----- Excerpted records

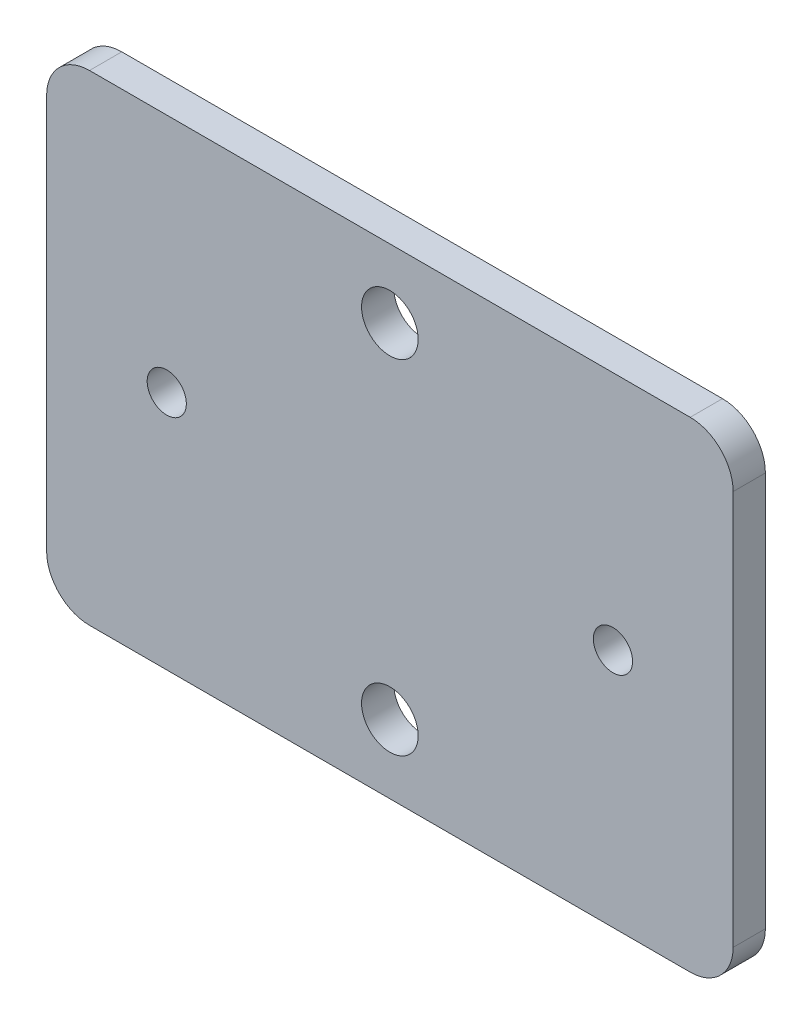
SolidWorks part; units mm, degrees
ref_plane "Front Plane" through (0, 0, 0) normal (0, 0, 1) x (1, 0, 0)
ref_plane "Top Plane" through (0, 0, 0) normal (0, 1, 0) x (1, 0, 0)
ref_plane "Right Plane" through (0, 0, 0) normal (1, 0, 0) x (0, 0, -1)
sketch "Sketch1" plane through (0, 0, 0) normal (0, 0, 1) x (1, 0, 0)
  line L0 (-50.8, -50.8) -> (50.8, -50.8) construction
  line L1 (-50.8, 50.8) -> (-50.8, -50.8) construction
  line L2 (50.8, -50.8) -> (50.8, -25.4) construction
  line L3 (-38.1, -34.8361) -> (-38.1, -41.3639) construction
  point P3 (0, -50.8)
  point P8 (-50.8, 0)
  point P9 (-38.1, -38.1)
  point P10 (50.8, -38.1)
  point P11 (0, 50.8)
  point P12 (-12.7, -38.1)
sketch "Sketch2" plane through (0, 0, 0) normal (1, 0, 0) x (0, 0, -1)
  line L0 (2.3876, 0) -> (-2.3876, 0) construction
  point P4 (0, 0)
  dimension "Thickness" = 4.7752
sketch "Sketch3" plane through (0, 0, 0) normal (0, 0, 1) x (1, 0, 0)
  line L0 (50.8, -25.4) -> (50.8, -50.8)
  line L1 (50.8, -50.8) -> (-50.8, -50.8)
  line L2 (-50.8, -50.8) -> (-50.8, 50.8)
  line L3 (-50.8, 50.8) -> (-25.4, 50.8)
  line L4 (-25.4, 50.8) -> (50.8, -25.4)
extrude "Boss-Extrude1" add sketch "Sketch3" against normal up to vertex (2.3876 mm away) and the other way up to vertex (2.3876 mm away) up to point (0, 0, -2.3876) other way up to point (0, 0, 2.3876)
sketch "Sketch4" plane through (0, 0, 2.3876) normal (0, 0, 1) x (1, 0, 0)
  line L0 (-38.1, -34.8361) -> (-38.1, -41.3639) construction
  line L1 (-50.8, -50.8) -> (0, 0) construction
  line L2 (-38.1, -38.1) -> (-12.7, -38.1) construction
  line L3 (-38.1, -38.1) -> (-38.1, -12.7) construction
  circle A0 centre (-38.1, -38.1) radius 3.2639
  circle A5 centre (-12.7, -38.1) radius 3.2639
  circle A6 centre (12.7, -38.1) radius 3.2639
  circle A7 centre (-38.1, -12.7) radius 3.2639
  circle A8 centre (-38.1, 12.7) radius 3.2639
  circle A9 centre (38.1, -38.1) radius 3.2639
  circle A10 centre (-38.1, 38.1) radius 3.2639
  dimension "D2" = 25.4
  dimension "D4" = 25.4
  dimension "D1" = 4
  dimension "D3" = 4
extrude "Cut-Extrude1" cut sketch "Sketch4" against normal through all
sketch "Sketch7" plane through (0, 0, 2.3876) normal (0, 0, 1) x (1, 0, 0)
  line L0 (50.8, -50.8) -> (50.8, -25.4) construction
  line L1 (-50.8, -50.8) -> (50.8, -50.8)
  line L2 (-50.8, -50.8) -> (-50.8, 50.8)
  line L3 (-50.8, 50.8) -> (50.8, 50.8)
  line L4 (50.8, -50.8) -> (50.8, 50.8)
extrude "Boss-Extrude2" add sketch "Sketch7" against normal up to surface (4.7752 mm away) up to face at (-9.4361, -38.1, -2.3876)
sketch "Sketch10" plane through (0, 0, 2.3876) normal (0, 0, 1) x (1, 0, 0)
  line L0 (0, 0) -> (-80.2914, 0) construction
  circle A0 centre (-33.02, 0) radius 2.9
  circle A1 centre (33.02, 0) radius 2.9
  circle A2 centre (0, 25.4) radius 4.191
  circle A3 centre (0, -25.4) radius 4.191
  dimension "D1" = 5.8
  dimension "D4" = 8.382
  dimension "D2" = 33.02
  dimension "D3" = 33.02
  dimension "D5" = 25.4
extrude "Cut-Extrude3" cut sketch "Sketch10" against normal through all
sketch "Sketch11" plane through (0, 0, 2.3876) normal (0, 0, 1) x (1, 0, 0)
  line L0 (50.8, -50.8) -> (50.8, 50.8) construction
  line L1 (-50.8, -35.56) -> (50.8, -35.56)
  line L2 (-50.8, -35.56) -> (-50.8, 35.56)
  line L3 (-50.8, 35.56) -> (50.8, 35.56)
  line L4 (50.8, -35.56) -> (50.8, 35.56)
  line L5 (-50.8, -35.56) -> (50.8, 35.56) construction
  line L6 (-50.8, 35.56) -> (50.8, -35.56) construction
  line L7 (50.8, 50.8) -> (-50.8, 50.8) construction
  point P0 (0, 0)
  dimension "D1" = 15.24
extrude "Cut-Extrude4" cut sketch "Sketch11" against normal up to next (4.7752 mm away) flip side to cut
fillet "Fillet1" radius 6.35 4 edges at (-50.8, 35.56, 0) (50.8, 35.56, 0) (50.8, -35.56, 0) (-50.8, -35.56, 0)
equation "\"D2@Sketch4\"=\"Hole Spacing@Sketch1\""
equation "\"D1@Sketch4\"=\"#Holes@Sketch1\""
equation "\"D4@Sketch4\"=\"Hole Spacing@Sketch1\""
equation "\"D3@Sketch4\"=\"#Holes@Sketch1\""
equation "\"D3@Sketch10\"=\"D2@Sketch10\""

----------

Task brief » All entries must come back exactly as written, though without their pictures.

Answer for the task »
SolidWorks part; units mm, degrees
ref_plane "Front Plane" through (0, 0, 0) normal (0, 0, 1) x (1, 0, 0)
ref_plane "Top Plane" through (0, 0, 0) normal (0, 1, 0) x (1, 0, 0)
ref_plane "Right Plane" through (0, 0, 0) normal (1, 0, 0) x (0, 0, -1)
sketch "Sketch1" plane through (0, 0, 0) normal (0, 0, 1) x (1, 0, 0)
  line L0 (-50.8, -50.8) -> (50.8, -50.8) construction
  line L1 (-50.8, 50.8) -> (-50.8, -50.8) construction
  line L2 (50.8, -50.8) -> (50.8, -25.4) construction
  line L3 (-38.1, -34.8361) -> (-38.1, -41.3639) construction
  point P3 (0, -50.8)
  point P8 (-50.8, 0)
  point P9 (-38.1, -38.1)
  point P10 (50.8, -38.1)
  point P11 (0, 50.8)
  point P12 (-12.7, -38.1)
sketch "Sketch2" plane through (0, 0, 0) normal (1, 0, 0) x (0, 0, -1)
  line L0 (2.3876, 0) -> (-2.3876, 0) construction
  point P4 (0, 0)
  dimension "Thickness" = 4.7752
sketch "Sketch3" plane through (0, 0, 0) normal (0, 0, 1) x (1, 0, 0)
  line L0 (50.8, -25.4) -> (50.8, -50.8)
  line L1 (50.8, -50.8) -> (-50.8, -50.8)
  line L2 (-50.8, -50.8) -> (-50.8, 50.8)
  line L3 (-50.8, 50.8) -> (-25.4, 50.8)
  line L4 (-25.4, 50.8) -> (50.8, -25.4)
extrude "Boss-Extrude1" add sketch "Sketch3" against normal up to vertex (2.3876 mm away) and the other way up to vertex (2.3876 mm away) up to point (0, 0, -2.3876) other way up to point (0, 0, 2.3876)
sketch "Sketch4" plane through (0, 0, 2.3876) normal (0, 0, 1) x (1, 0, 0)
  line L0 (-38.1, -34.8361) -> (-38.1, -41.3639) construction
  line L1 (-50.8, -50.8) -> (0, 0) construction
  line L2 (-38.1, -38.1) -> (-12.7, -38.1) construction
  line L3 (-38.1, -38.1) -> (-38.1, -12.7) construction
  circle A0 centre (-38.1, -38.1) radius 3.2639
  circle A5 centre (-12.7, -38.1) radius 3.2639
  circle A6 centre (12.7, -38.1) radius 3.2639
  circle A7 centre (-38.1, -12.7) radius 3.2639
  circle A8 centre (-38.1, 12.7) radius 3.2639
  circle A9 centre (38.1, -38.1) radius 3.2639
  circle A10 centre (-38.1, 38.1) radius 3.2639
  dimension "D2" = 25.4
  dimension "D4" = 25.4
  dimension "D1" = 4
  dimension "D3" = 4
extrude "Cut-Extrude1" cut sketch "Sketch4" against normal through all
sketch "Sketch7" plane through (0, 0, 2.3876) normal (0, 0, 1) x (1, 0, 0)
  line L0 (50.8, -50.8) -> (50.8, -25.4) construction
  line L1 (-50.8, -50.8) -> (50.8, -50.8)
  line L2 (-50.8, -50.8) -> (-50.8, 50.8)
  line L3 (-50.8, 50.8) -> (50.8, 50.8)
  line L4 (50.8, -50.8) -> (50.8, 50.8)
extrude "Boss-Extrude2" add sketch "Sketch7" against normal up to surface (4.7752 mm away) up to face at (-9.4361, -38.1, -2.3876)
sketch "Sketch10" plane through (0, 0, 2.3876) normal (0, 0, 1) x (1, 0, 0)
  line L0 (0, 0) -> (-80.2914, 0) construction
  circle A0 centre (-33.02, 0) radius 2.9
  circle A1 centre (33.02, 0) radius 2.9
  circle A2 centre (0, 25.4) radius 4.191
  circle A3 centre (0, -25.4) radius 4.191
  dimension "D1" = 5.8
  dimension "D4" = 8.382
  dimension "D2" = 33.02
  dimension "D3" = 33.02
  dimension "D5" = 25.4
extrude "Cut-Extrude3" cut sketch "Sketch10" against normal through all
sketch "Sketch11" plane through (0, 0, 2.3876) normal (0, 0, 1) x (1, 0, 0)
  line L0 (50.8, -50.8) -> (50.8, 50.8) construction
  line L1 (-50.8, -35.56) -> (50.8, -35.56)
  line L2 (-50.8, -35.56) -> (-50.8, 35.56)
  line L3 (-50.8, 35.56) -> (50.8, 35.56)
  line L4 (50.8, -35.56) -> (50.8, 35.56)
  line L5 (-50.8, -35.56) -> (50.8, 35.56) construction
  line L6 (-50.8, 35.56) -> (50.8, -35.56) construction
  line L7 (50.8, 50.8) -> (-50.8, 50.8) construction
  point P0 (0, 0)
  dimension "D1" = 15.24
extrude "Cut-Extrude4" cut sketch "Sketch11" against normal up to next (4.7752 mm away) flip side to cut
fillet "Fillet1" radius 6.35 4 edges at (-50.8, 35.56, 0) (50.8, 35.56, 0) (50.8, -35.56, 0) (-50.8, -35.56, 0)
equation "\"D2@Sketch4\"=\"Hole Spacing@Sketch1\""
equation "\"D1@Sketch4\"=\"#Holes@Sketch1\""
equation "\"D4@Sketch4\"=\"Hole Spacing@Sketch1\""
equation "\"D3@Sketch4\"=\"#Holes@Sketch1\""
equation "\"D3@Sketch10\"=\"D2@Sketch10\""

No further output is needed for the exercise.